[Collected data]
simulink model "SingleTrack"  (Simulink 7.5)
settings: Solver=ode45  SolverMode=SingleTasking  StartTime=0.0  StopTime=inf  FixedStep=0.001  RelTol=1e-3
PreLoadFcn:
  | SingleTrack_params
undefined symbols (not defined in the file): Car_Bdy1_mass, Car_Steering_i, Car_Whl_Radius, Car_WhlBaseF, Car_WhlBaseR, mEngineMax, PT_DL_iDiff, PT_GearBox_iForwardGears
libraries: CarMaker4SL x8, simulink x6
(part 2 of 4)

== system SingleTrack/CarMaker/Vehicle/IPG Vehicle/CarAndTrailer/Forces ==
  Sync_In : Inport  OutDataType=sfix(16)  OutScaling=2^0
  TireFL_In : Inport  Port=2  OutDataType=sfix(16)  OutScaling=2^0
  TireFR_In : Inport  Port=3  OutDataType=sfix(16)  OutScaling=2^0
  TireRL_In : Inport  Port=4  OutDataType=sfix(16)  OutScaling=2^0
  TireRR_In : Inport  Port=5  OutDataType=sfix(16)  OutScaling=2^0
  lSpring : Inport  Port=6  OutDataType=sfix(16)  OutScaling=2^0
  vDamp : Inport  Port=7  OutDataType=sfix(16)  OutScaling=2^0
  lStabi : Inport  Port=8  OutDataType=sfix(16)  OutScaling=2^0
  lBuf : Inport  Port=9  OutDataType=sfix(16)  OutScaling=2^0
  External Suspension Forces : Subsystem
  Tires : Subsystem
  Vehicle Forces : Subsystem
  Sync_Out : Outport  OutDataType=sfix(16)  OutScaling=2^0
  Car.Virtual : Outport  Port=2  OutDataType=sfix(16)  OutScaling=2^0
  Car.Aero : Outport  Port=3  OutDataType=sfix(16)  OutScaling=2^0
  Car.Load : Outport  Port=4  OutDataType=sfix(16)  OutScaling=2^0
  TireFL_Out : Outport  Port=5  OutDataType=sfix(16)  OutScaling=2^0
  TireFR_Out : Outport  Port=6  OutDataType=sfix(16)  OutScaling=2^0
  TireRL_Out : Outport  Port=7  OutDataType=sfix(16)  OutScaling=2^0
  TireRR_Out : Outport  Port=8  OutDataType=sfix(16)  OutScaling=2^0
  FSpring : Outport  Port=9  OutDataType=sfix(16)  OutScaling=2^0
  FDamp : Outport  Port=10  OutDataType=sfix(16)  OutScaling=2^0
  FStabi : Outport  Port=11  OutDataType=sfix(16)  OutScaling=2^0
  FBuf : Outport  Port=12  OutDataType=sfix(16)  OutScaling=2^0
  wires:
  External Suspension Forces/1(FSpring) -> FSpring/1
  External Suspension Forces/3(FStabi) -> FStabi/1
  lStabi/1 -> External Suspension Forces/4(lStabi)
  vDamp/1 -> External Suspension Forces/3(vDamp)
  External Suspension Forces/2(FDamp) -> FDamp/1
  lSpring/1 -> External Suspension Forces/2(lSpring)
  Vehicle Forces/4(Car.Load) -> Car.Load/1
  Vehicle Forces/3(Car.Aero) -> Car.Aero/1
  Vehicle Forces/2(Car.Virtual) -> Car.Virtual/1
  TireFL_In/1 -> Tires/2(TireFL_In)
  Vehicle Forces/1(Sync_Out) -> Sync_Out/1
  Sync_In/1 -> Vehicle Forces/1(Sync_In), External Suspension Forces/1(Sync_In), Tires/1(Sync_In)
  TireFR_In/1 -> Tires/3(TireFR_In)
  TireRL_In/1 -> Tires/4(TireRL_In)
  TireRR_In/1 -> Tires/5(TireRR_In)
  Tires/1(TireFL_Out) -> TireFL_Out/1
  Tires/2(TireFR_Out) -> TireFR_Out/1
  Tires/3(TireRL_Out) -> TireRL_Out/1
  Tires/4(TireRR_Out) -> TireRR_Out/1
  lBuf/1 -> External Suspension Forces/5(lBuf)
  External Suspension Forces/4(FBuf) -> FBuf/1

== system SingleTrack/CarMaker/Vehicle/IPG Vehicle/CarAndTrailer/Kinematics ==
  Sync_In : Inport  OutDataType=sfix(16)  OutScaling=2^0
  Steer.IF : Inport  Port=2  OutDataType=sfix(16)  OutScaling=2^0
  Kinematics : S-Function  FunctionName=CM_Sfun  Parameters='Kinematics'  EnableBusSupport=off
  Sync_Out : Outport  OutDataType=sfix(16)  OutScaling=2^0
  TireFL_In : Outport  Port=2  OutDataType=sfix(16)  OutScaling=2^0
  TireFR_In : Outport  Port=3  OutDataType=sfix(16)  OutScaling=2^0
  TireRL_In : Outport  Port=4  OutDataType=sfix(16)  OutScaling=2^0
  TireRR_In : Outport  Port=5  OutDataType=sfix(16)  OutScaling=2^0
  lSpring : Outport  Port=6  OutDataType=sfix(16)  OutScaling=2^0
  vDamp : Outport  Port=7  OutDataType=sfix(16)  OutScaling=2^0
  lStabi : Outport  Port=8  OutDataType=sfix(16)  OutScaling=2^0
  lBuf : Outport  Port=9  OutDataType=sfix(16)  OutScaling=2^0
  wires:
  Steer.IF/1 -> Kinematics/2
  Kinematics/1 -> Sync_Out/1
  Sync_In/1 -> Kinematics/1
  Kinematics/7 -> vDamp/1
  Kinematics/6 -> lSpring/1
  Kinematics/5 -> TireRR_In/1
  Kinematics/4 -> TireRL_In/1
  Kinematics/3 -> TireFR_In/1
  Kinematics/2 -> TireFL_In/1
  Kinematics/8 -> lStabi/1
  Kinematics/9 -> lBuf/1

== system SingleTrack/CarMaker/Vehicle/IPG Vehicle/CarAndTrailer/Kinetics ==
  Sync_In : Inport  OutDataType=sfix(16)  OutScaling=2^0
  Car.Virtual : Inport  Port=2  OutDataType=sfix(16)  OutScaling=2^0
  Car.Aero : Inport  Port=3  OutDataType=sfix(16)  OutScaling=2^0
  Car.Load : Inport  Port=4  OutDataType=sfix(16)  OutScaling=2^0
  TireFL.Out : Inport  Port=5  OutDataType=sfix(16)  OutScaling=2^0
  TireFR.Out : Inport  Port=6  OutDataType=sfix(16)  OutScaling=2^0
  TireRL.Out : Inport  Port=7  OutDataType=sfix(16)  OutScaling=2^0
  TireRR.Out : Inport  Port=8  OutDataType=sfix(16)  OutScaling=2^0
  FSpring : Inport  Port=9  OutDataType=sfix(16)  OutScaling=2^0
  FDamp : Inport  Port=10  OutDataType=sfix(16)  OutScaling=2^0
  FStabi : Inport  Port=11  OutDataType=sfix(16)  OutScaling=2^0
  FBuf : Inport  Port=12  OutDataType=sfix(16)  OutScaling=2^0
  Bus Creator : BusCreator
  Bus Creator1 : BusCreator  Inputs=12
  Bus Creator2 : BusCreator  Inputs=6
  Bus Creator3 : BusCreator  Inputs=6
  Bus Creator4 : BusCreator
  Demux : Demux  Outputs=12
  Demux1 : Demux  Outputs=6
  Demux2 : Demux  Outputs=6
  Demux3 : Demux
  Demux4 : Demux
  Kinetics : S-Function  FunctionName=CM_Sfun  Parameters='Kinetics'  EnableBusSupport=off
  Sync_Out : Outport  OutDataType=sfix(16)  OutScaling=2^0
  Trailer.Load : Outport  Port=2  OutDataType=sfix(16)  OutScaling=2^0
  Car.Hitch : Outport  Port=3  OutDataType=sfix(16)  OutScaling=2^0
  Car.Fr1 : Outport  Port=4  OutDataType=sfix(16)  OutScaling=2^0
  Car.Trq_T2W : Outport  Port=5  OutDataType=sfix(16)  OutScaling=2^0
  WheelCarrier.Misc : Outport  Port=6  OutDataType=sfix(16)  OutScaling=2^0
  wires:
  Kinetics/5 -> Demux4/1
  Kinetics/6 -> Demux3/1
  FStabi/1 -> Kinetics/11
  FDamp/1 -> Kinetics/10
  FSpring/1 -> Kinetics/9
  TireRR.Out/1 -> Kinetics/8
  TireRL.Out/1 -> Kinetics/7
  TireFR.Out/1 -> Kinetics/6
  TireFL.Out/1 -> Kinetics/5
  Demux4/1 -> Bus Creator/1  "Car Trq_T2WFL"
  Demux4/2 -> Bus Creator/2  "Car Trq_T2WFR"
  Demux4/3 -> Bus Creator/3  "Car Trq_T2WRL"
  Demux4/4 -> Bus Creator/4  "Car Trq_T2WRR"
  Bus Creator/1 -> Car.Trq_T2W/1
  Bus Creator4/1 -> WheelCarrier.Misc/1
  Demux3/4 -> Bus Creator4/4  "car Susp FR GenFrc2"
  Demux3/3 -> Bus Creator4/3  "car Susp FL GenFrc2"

- YOUR ASSIGNMENT: Check each line in the data for the word "Tires", then report only how many lines contain it.

- PROBLEM SOLUTION: 10